EXERCISE INSTRUCTIONS: For the listing beneath, state how many lines contain the string "blocks". Give the number by itself.

- - -

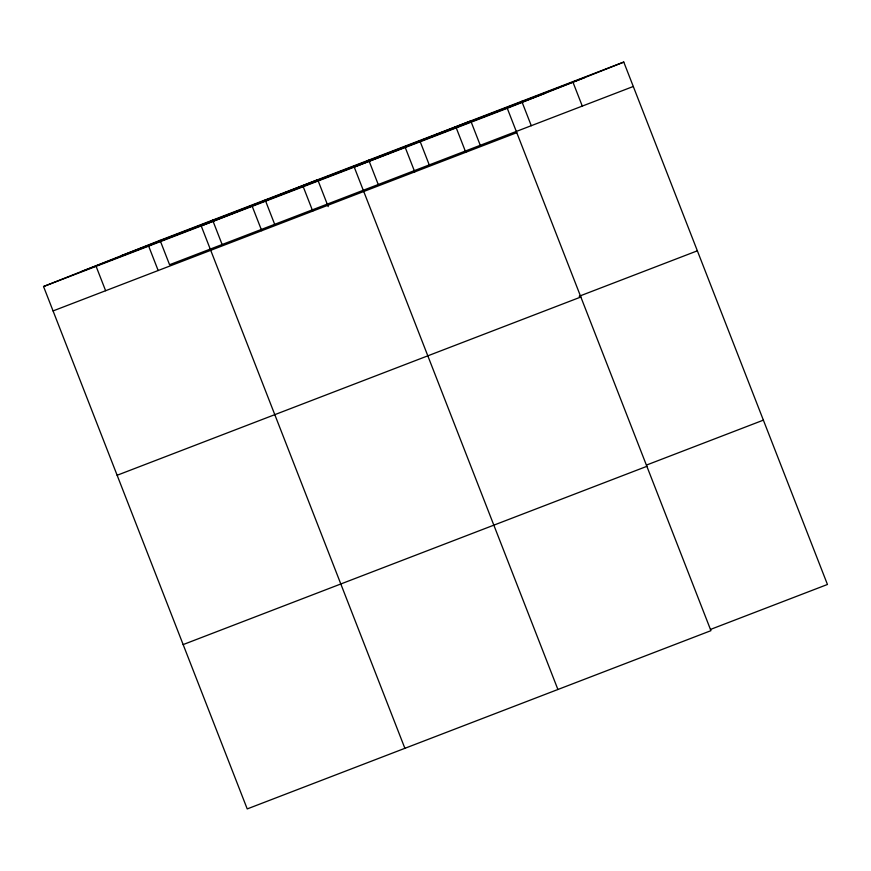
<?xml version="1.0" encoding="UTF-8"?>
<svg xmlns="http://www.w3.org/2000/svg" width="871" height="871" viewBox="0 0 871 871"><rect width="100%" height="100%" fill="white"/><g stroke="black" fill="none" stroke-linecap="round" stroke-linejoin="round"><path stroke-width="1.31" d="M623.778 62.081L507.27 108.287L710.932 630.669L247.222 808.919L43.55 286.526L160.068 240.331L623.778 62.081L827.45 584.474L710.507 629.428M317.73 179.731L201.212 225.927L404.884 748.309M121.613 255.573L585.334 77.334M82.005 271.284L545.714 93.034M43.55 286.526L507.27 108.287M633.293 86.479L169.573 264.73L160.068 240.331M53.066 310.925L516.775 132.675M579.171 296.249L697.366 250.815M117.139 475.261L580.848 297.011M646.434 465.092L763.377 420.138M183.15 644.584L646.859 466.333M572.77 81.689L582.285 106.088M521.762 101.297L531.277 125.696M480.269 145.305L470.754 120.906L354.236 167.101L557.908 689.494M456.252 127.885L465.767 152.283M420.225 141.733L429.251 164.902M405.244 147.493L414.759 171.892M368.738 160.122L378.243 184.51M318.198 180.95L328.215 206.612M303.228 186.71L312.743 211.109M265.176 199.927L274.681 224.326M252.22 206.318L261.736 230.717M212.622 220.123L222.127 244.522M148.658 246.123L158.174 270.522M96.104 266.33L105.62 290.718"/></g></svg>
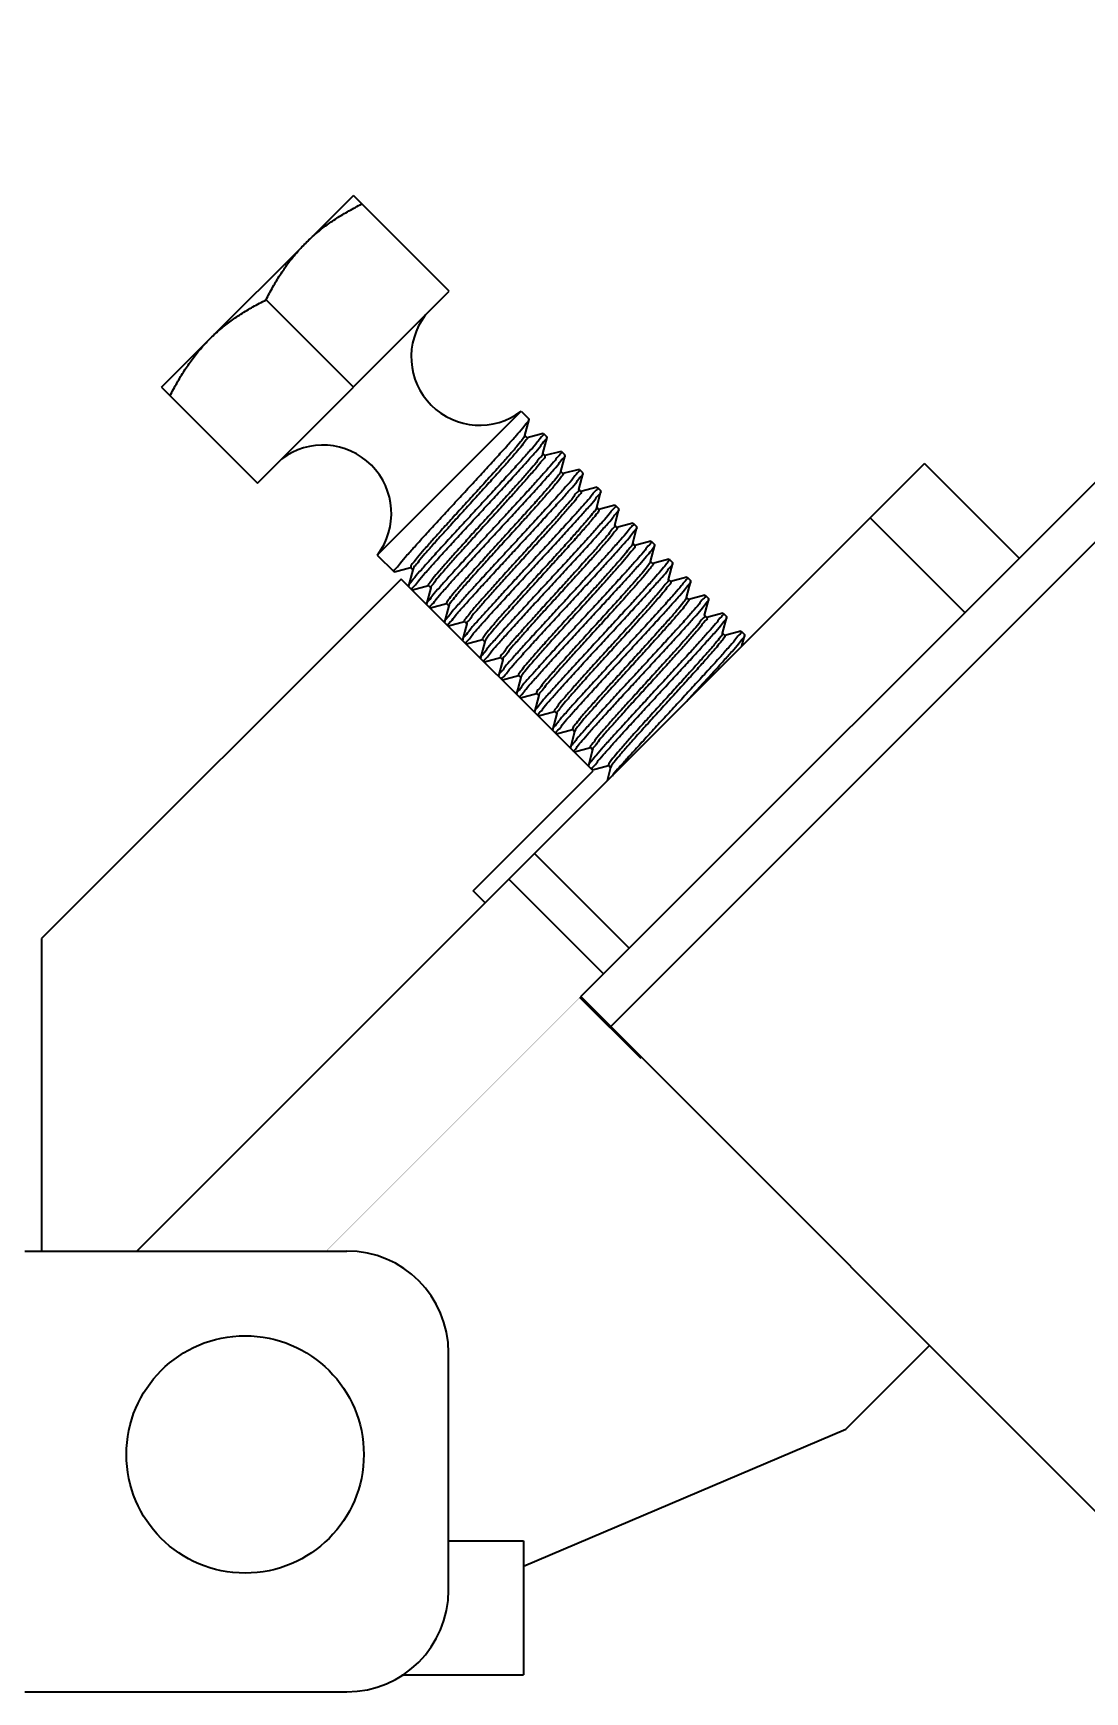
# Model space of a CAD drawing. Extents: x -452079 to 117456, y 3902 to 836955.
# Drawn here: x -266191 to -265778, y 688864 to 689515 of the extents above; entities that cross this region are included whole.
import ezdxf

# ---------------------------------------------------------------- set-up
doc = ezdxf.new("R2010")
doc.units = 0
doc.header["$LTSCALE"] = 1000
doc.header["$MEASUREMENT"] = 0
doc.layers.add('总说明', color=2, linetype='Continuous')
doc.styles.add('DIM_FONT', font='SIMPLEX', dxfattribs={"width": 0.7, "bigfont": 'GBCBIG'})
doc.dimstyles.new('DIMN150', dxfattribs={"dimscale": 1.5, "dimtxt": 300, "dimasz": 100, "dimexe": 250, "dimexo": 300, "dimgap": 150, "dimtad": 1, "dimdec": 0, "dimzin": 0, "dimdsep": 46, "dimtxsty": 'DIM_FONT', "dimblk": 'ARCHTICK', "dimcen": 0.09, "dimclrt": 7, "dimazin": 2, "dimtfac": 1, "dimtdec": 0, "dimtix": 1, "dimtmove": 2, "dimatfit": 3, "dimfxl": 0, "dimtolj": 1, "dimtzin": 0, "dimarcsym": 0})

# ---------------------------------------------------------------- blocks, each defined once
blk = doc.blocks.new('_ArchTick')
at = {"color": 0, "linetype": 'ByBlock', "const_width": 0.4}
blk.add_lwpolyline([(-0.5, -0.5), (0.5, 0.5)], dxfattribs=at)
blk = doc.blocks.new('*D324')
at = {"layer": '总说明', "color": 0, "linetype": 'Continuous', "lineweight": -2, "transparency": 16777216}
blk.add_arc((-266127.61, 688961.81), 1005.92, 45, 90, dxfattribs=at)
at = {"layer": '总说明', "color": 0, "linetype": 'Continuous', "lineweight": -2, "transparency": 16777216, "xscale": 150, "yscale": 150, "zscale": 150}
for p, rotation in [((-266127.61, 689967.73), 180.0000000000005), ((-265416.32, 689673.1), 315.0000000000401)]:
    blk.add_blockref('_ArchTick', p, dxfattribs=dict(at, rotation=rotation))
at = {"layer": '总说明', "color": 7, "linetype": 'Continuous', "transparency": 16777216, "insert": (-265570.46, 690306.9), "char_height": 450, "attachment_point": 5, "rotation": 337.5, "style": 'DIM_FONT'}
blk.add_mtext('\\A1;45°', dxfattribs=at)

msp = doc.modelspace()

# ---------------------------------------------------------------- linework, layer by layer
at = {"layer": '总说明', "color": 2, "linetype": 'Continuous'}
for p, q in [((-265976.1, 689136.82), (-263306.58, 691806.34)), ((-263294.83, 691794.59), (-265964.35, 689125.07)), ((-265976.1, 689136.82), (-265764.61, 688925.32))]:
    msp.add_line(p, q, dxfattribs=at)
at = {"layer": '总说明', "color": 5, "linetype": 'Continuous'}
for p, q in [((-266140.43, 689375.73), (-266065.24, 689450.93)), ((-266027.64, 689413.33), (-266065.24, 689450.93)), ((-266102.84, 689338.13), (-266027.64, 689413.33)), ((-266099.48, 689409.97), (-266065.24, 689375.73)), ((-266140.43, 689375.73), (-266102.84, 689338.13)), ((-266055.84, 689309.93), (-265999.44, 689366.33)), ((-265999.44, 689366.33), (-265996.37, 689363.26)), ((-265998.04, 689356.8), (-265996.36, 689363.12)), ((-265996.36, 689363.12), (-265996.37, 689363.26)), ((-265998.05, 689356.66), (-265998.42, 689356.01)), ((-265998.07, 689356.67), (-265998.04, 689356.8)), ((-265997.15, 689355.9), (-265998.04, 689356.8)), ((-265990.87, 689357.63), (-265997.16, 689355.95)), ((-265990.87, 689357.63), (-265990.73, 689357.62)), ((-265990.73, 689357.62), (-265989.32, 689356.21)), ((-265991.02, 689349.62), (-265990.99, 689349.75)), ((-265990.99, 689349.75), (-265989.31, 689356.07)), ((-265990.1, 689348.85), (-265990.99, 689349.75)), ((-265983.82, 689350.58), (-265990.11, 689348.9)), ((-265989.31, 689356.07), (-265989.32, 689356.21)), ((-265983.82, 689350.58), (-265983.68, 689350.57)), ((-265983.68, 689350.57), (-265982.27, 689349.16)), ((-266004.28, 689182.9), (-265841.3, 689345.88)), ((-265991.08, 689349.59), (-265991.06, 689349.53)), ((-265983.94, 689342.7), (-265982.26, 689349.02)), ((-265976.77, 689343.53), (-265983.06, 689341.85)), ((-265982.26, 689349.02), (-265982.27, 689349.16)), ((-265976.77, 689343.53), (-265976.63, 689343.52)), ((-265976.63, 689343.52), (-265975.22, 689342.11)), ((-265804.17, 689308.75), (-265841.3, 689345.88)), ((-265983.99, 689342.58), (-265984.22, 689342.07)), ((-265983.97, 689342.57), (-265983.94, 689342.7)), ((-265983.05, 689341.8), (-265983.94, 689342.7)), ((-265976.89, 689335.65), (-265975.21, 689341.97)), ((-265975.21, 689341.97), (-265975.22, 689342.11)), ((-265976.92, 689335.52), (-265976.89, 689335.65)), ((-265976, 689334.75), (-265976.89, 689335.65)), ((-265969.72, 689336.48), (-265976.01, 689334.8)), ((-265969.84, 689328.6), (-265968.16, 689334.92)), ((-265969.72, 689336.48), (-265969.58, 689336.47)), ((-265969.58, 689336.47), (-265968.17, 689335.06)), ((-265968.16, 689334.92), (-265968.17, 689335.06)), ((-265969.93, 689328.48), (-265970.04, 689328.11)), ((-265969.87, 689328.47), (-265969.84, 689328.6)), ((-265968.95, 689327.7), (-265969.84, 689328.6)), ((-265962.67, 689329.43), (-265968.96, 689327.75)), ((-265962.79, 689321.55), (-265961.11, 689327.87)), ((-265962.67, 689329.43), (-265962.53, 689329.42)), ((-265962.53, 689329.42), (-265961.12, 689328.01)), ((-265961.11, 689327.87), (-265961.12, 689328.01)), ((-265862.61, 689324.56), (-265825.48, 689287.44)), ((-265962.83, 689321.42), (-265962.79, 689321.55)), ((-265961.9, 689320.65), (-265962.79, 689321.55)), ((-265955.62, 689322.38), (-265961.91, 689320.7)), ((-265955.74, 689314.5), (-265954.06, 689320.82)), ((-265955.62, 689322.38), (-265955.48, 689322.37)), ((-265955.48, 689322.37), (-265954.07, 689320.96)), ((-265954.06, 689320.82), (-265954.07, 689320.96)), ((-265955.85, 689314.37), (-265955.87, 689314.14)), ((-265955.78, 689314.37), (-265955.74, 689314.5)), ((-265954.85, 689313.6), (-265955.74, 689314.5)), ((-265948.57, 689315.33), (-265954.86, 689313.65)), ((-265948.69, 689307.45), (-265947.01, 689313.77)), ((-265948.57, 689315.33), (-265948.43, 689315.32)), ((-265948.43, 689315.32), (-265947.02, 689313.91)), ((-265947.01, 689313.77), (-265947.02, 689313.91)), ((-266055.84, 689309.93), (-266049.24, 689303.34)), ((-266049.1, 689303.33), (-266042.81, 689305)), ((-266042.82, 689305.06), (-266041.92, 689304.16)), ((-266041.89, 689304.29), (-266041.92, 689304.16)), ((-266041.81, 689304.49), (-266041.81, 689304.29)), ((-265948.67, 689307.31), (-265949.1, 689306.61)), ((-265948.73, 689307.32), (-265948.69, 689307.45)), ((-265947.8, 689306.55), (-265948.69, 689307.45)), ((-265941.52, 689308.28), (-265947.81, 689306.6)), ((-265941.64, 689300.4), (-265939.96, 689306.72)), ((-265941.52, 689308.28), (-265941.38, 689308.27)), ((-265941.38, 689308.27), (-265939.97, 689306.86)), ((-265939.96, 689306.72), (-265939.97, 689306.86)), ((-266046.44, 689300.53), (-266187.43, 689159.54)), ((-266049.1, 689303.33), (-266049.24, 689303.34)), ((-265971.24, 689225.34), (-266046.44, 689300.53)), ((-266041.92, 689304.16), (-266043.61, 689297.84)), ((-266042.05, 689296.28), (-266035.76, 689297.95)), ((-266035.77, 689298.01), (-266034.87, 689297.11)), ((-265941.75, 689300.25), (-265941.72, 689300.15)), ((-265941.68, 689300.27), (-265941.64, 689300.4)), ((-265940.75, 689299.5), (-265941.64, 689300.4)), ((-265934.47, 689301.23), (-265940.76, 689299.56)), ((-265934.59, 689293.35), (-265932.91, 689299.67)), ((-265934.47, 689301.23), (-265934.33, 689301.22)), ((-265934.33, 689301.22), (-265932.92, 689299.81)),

- - -

RESPONSE BOX: 3